Jerónimo de Sousa considerou hoje que a disponibilidade do governo para aumentar as pensões, no âmbito da discussão do Orçamento do Estado para o próximo ano, mostra que existe “um bom caminho” para a convergência. “Essa disponibilidade aparentemente existente da parte do governo é um bom caminho para procurar a convergência. Há muitos anos que não há qualquer aumento para centenas de milhares de reformados e pensionistas”.

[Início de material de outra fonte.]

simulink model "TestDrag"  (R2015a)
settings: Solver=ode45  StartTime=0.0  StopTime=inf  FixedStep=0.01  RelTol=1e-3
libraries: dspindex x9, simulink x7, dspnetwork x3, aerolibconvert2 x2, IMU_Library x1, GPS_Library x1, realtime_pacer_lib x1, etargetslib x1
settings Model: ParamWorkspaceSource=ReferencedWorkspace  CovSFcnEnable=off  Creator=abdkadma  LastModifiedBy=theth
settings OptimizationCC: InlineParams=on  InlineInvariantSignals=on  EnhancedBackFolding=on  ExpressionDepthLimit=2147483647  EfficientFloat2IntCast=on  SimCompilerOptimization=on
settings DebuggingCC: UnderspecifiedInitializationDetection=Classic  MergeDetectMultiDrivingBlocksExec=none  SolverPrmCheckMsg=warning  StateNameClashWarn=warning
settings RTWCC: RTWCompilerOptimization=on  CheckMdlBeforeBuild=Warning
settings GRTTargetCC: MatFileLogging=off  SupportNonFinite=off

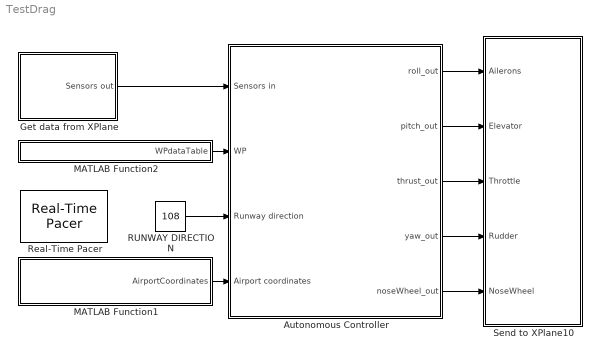
== system TestDrag ==
  "Autonomous Controller " : Subsystem
  Get data from XPlane : Subsystem  Description=|  TreatAsAtomicUnit=on  mask(Get Data from Xplane10){remoteURL='127.0.0.1', localPort=49005, sampletime=0.02}
      | Done by: Mohamed Abdelkader
      | Contact for updates: mohamedashraf123@gmail.com
      mask prompts: remoteURL "Remote IP address ('0.0.0.0' to accept all):(default='127.0.0.1')"; localPort "Local IP port: that Xplane10 sends to (default=49005)"; sampletime "Sampling time (seconds), how frequenlty to capture data from Xplane. Don't set to low as it might not be able to capture the smaples from Xplane. Default is 0.02 assuming the UDP rate in Xplane is set to 50 sample per second"
      mask help:
      | Get Data from X-Plane10
      | * make sure you configure the right port
      | and the right IP address
      mask TypeOptions remoteURL: UDP Receive1/remoteURL
      mask TypeOptions localPort: UDP Receive1/localPort
      mask TypeOptions sampletime: UDP Receive1/sampletime
  MATLAB Function1 : MATLAB Function  TreatAsAtomicUnit=on
  MATLAB Function2 : MATLAB Function  TreatAsAtomicUnit=on
  RUNWAY DIRECTION : Constant  Value=108
  Real-Time Pacer : realtime_pacer_lib/Real-Time Pacer  simTimePerRealTime=1
  Send to XPlane10 : Subsystem  Description=|  mask(Send Commands to X-Plane 10){remoteURL='127.0.0.1', remotePort=49000}
      | Done by: Mohamed Abdelkader
      | Contact for updates: mohamedashraf123@gmail.com
      mask prompts: remoteURL "Remote IP address (default='127.0.0.1'): X-Plane10 IP"; remotePort "Remote IP port:X-Plane10 port(default=49000)"
      mask help:
      | Sends Control Surfaces Commands to Xplane10
      | Throttle in [0,1]
      | Elevator, Ailerons, rudder, nosewheel in [-1,1]
      mask TypeOptions remoteURL: UDP Send/remoteURL
      mask TypeOptions remotePort: UDP Send/remotePort
  wires:
  "Autonomous Controller "/1(roll_out) -> Send to XPlane10/1(Ailerons)
  "Autonomous Controller "/2(pitch_out) -> Send to XPlane10/2(Elevator)
  "Autonomous Controller "/3(thrust_out) -> Send to XPlane10/3(Throttle)
  "Autonomous Controller "/4(yaw_out) -> Send to XPlane10/4(Rudder)
  "Autonomous Controller "/5(noseWheel_out) -> Send to XPlane10/5(NoseWheel)
  Get data from XPlane/1(Sensors out) -> "Autonomous Controller "/1(Sensors in)
  RUNWAY DIRECTION/1 -> "Autonomous Controller "/3(Runway direction)
  MATLAB Function1/1(AirportCoordinates) -> "Autonomous Controller "/4(Airport coordinates)
  MATLAB Function2/1(WPdataTable) -> "Autonomous Controller "/2(WP)

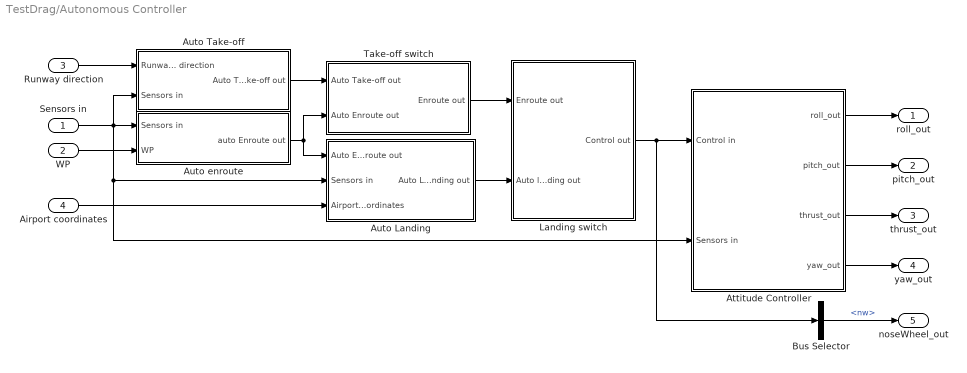
== system TestDrag/Autonomous Controller  ==
  Sensors in : Inport
  WP : Inport  Port=2
  Runway direction : Inport  Port=3
  Airport coordinates : Inport  Port=4
  Attitude Controller : Subsystem
  Auto Landing : Subsystem
  Auto Take-off : Subsystem
  Auto enroute : Subsystem
  Bus Selector : BusSelector  OutputSignals=nw
  Landing switch : Subsystem
  Take-off switch : Subsystem
  roll_out : Outport
  pitch_out : Outport  Port=2
  thrust_out : Outport  Port=3
  yaw_out : Outport  Port=4
  noseWheel_out : Outport  Port=5
  wires:
  Take-off switch/1(Enroute out) -> Landing switch/1(Enroute out)
  Auto Landing/1(Auto Landing out) -> Landing switch/2(Auto landing out)
  Auto enroute/1(auto Enroute out) -> Auto Landing/1(Auto Enroute out), Take-off switch/2(Auto Enroute out)
  Attitude Controller/4(yaw_out) -> yaw_out/1
  Attitude Controller/1(roll_out) -> roll_out/1
  Attitude Controller/3(thrust_out) -> thrust_out/1
  Auto Take-off/1(Auto Take-off out) -> Take-off switch/1(Auto Take-off out)
  Sensors in/1 -> Auto enroute/1(Sensors in), Auto Take-off/2(Sensors in), Attitude Controller/2(Sensors in), Auto Landing/2(Sensors in)
  Runway direction/1 -> Auto Take-off/1(Runway direction)
  Landing switch/1(Control out) -> Attitude Controller/1(Control in), Bus Selector/1
  Bus Selector/1 -> noseWheel_out/1  "<nw>"
  Attitude Controller/2(pitch_out) -> pitch_out/1
  Airport coordinates/1 -> Auto Landing/3(Airport coordinates)
  WP/1 -> Auto enroute/2(WP)

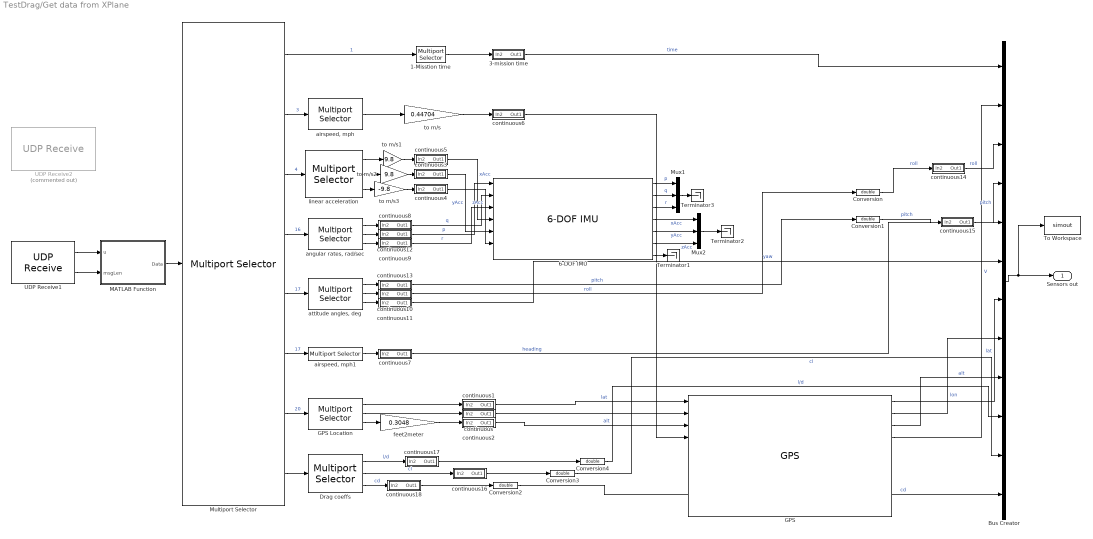
== system TestDrag/Get data from XPlane ==
  1-Misstion time : dspindex/Multiport Selector  rowsOrCols=Columns  idxCellArray={3}  idxErrMode=Clip Index
  3-mission time : Subsystem
  6-DOF IMU : IMU_Library/6-DOF IMU  lpf_filt_freq_hz_ix=20 Hz  gyro_scale_ix=+/- 500 deg/sec  accel_scale_ix=+/- 8g  SampleTime=0.02  lpf_filt_freq_hz=5 Hz  gyro_scale=+/- 250 deg/sec  accel_scale=+/- 2g
  Bus Creator : BusCreator  Inputs='time','V','roll','pitch','heading','yaw','lat','lon','alt','l/d','cl','cd'
  Conversion{,1..4} (5 alike) : DataTypeConversion  OutDataTypeStr=double
  Drag coeffs : dspindex/Multiport Selector  rowsOrCols=Columns  idxCellArray={1,3,4}  idxErrMode=Clip Index
  GPS : GPS_Library/GPS
  GPS Location : dspindex/Multiport Selector  rowsOrCols=Columns  idxCellArray={1,2,3}  idxErrMode=Clip Index
  MATLAB Function : MATLAB Function  TreatAsAtomicUnit=on
  Multiport Selector : dspindex/Multiport Selector  rowsOrCols=Rows  idxCellArray={1,3,4,16,17,18,20,68}  idxErrMode=Clip Index
  Mux1 : Mux  Inputs=3
  Mux2 : Mux  Inputs=3
  Terminator1 : Terminator
  Terminator2 : Terminator
  Terminator3 : Terminator
  To Workspace : ToWorkspace  VariableName=simout  SampleTime=-1
      settings: Save2DSignal=2-D array (concatenate along first dimension)
  UDP Receive1 : dspnetwork/UDP Receive  localURL='0.0.0.0'  localPort=localPort  remoteURL=remoteURL  remotePort=-1  recvBufferSize=8192  dims=365*20  signalDatatype=uint8  isVarSize=off  showBlockingTime=off  blockingTime=0  sampletime=sampletime
  UDP Receive2 : dspnetwork/UDP Receive  Commented=on  localURL='0.0.0.0'  localPort=localPort  remoteURL=remoteURL  remotePort=-1  recvBufferSize=8192  dims=365  signalDatatype=uint8  isVarSize=off  showBlockingTime=on  blockingTime=0.01  sampletime=0.01  blockPlatform=LINUX
  "airspeed, mph" : dspindex/Multiport Selector  rowsOrCols=Columns  idxCellArray={6}  idxErrMode=Clip Index
  "airspeed, mph1" : dspindex/Multiport Selector  rowsOrCols=Columns  idxCellArray={3}  idxErrMode=Clip Index
  "angular rates, rad/sec" : dspindex/Multiport Selector  rowsOrCols=Columns  idxCellArray={1,2,3}  idxErrMode=Clip Index
  "attitude angles, deg" : dspindex/Multiport Selector  rowsOrCols=Columns  idxCellArray={1,2,3}  idxErrMode=Clip Index
  continuous : Subsystem
  continuous1 : Subsystem
  continuous10 : Subsystem
  continuous11 : Subsystem
  continuous12 : Subsystem
  continuous13 : Subsystem
  continuous14 : Subsystem
  continuous15 : Subsystem
  continuous16 : Subsystem
  continuous17 : Subsystem
  continuous18 : Subsystem
  continuous2 : Subsystem
  continuous3 : Subsystem
  continuous4 : Subsystem
  continuous5 : Subsystem
  continuous6 : Subsystem
  continuous7 : Subsystem
  continuous8 : Subsystem
  continuous9 : Subsystem
  feet2meter : Gain  Gain=0.3048
  linear acceleration : dspindex/Multiport Selector  rowsOrCols=Columns  idxCellArray={6,7,5}  idxErrMode=Clip Index
  to m/s : Gain  Gain=0.44704
  to m/s1 : Gain  Gain=9.8
  to m/s2 : Gain  Gain=9.8
  to m/s3 : Gain  Gain=-9.8
  Sensors out : Outport
  wires:
  "attitude angles, deg"/3 -> continuous11/1(In2)
  "angular rates, rad/sec"/3 -> continuous9/1(In2)
  MATLAB Function/1(Data) -> Multiport Selector/1
  linear acceleration/2 -> to m/s2/1
  to m/s2/1 -> continuous3/1(In2)
  to m/s1/1 -> continuous5/1(In2)
  "attitude angles, deg"/1 -> continuous13/1(In2)
  "attitude angles, deg"/2 -> continuous10/1(In2)
  to m/s/1 -> continuous6/1(In2)
  "airspeed, mph"/1 -> to m/s/1
  linear acceleration/1 -> to m/s1/1
  "angular rates, rad/sec"/1 -> continuous8/1(In2)
  linear acceleration/3 -> to m/s3/1
  "angular rates, rad/sec"/2 -> continuous12/1(In2)
  "airspeed, mph1"/1 -> continuous7/1(In2)
  to m/s3/1 -> continuous4/1(In2)
  feet2meter/1 -> continuous2/1(In2)
  UDP Receive1/1 -> MATLAB Function/1(u)
  UDP Receive1/2 -> MATLAB Function/2(msgLen)
  GPS Location/3 -> feet2meter/1
  GPS Location/2 -> continuous/1(In2)
  GPS Location/1 -> continuous1/1(In2)
  continuous11/1(Out1) -> Bus Creator/6  "yaw"
  Bus Creator/1 -> To Workspace/1, Sensors out/1
  Multiport Selector/4 -> "angular rates, rad/sec"/1  "16"
  Multiport Selector/5 -> "attitude angles, deg"/1  "17"
  Multiport Selector/6 -> "airspeed, mph1"/1  "17"
  Multiport Selector/7 -> GPS Location/1  "20"
  1-Misstion time/1 -> 3-mission time/1(In2)
  Multiport Selector/1 -> 1-Misstion time/1  "1"
  Multiport Selector/2 -> "airspeed, mph"/1  "3"
  Multiport Selector/3 -> linear acceleration/1  "4"
  continuous5/1(Out1) -> 6-DOF IMU/4  "xAcc"
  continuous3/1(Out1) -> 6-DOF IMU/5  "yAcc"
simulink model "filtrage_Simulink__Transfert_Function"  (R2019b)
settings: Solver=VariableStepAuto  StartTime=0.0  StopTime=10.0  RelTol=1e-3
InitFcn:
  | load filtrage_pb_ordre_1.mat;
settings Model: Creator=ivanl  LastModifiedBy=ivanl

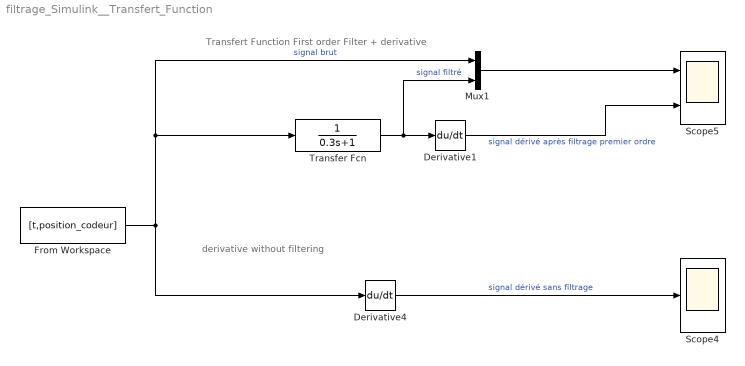
== system filtrage_Simulink__Transfert_Function ==
  note: derivative without filtering
  note: Transfert Function First order Filter + derivative
  Derivative1 : Derivative
  Derivative4 : Derivative
  From Workspace : FromWorkspace  VariableName=[t,position_codeur]  SampleTime=0.001
  Mux1 : Mux  Inputs=2
  Scope4 : Scope
  Scope5 : Scope  NumInputPorts=2
  Transfer Fcn : TransferFcn  Denominator=[0.3 1]
  wires:
  Transfer Fcn/1 -> Mux1/2, Derivative1/1  "signal filtré"
  Mux1/1 -> Scope5/1
  Derivative1/1 -> Scope5/2  "signal dérivé après filtrage premier ordre"
  Derivative4/1 -> Scope4/1  "signal dérivé sans filtrage"
  From Workspace/1 -> Derivative4/1, Transfer Fcn/1, Mux1/1  "signal brut"

O secretário-geral dos comunistas defendeu, no final da reunião do Comité Central, um “aumento extraordinário das reformas e pensões não inferior a 10 euros, quer para as pensões mais baixas, quer para as restantes, visando a reposição das parcelas de rendimentos perdidas nos últimos quatro anos”.

A exigência do PCP surge um dia depois de António Costa ter assumido, na rentrée do PS, que o governo “não deixará de assegurar àqueles que recebem as mais baixas pensões que as suas pensões serão respostas e permitirão repor o poder de compra, diminuindo as desigualdades entre pensionistas”.

Para além do aumento das pensões, Jerónimo defendeu que é preciso acabar com o pagamento do subsídio de Natal dos pensionistas em duodécimos. “Não se justifica esta manutenção dos duodécimos”.

Jerónimo de Sousa garantiu ainda, que no âmbito do orçamento para o próximo ano e no plano da intervenção política, o PCP vai bater-se, nos próximos meses, pelo aumento do salário mínimo para 600 euros a partir do início do próximo ano, pela revogação das normas gravosas da legislação laboral, pela gratuidade dos manuais escolares e pela necessidade de tributar o “património mobiliário e o grande património imobiliário e de luxo, aliviando os impostos sobre os trabalhadores, o povo e as pequenas e médias empresas”.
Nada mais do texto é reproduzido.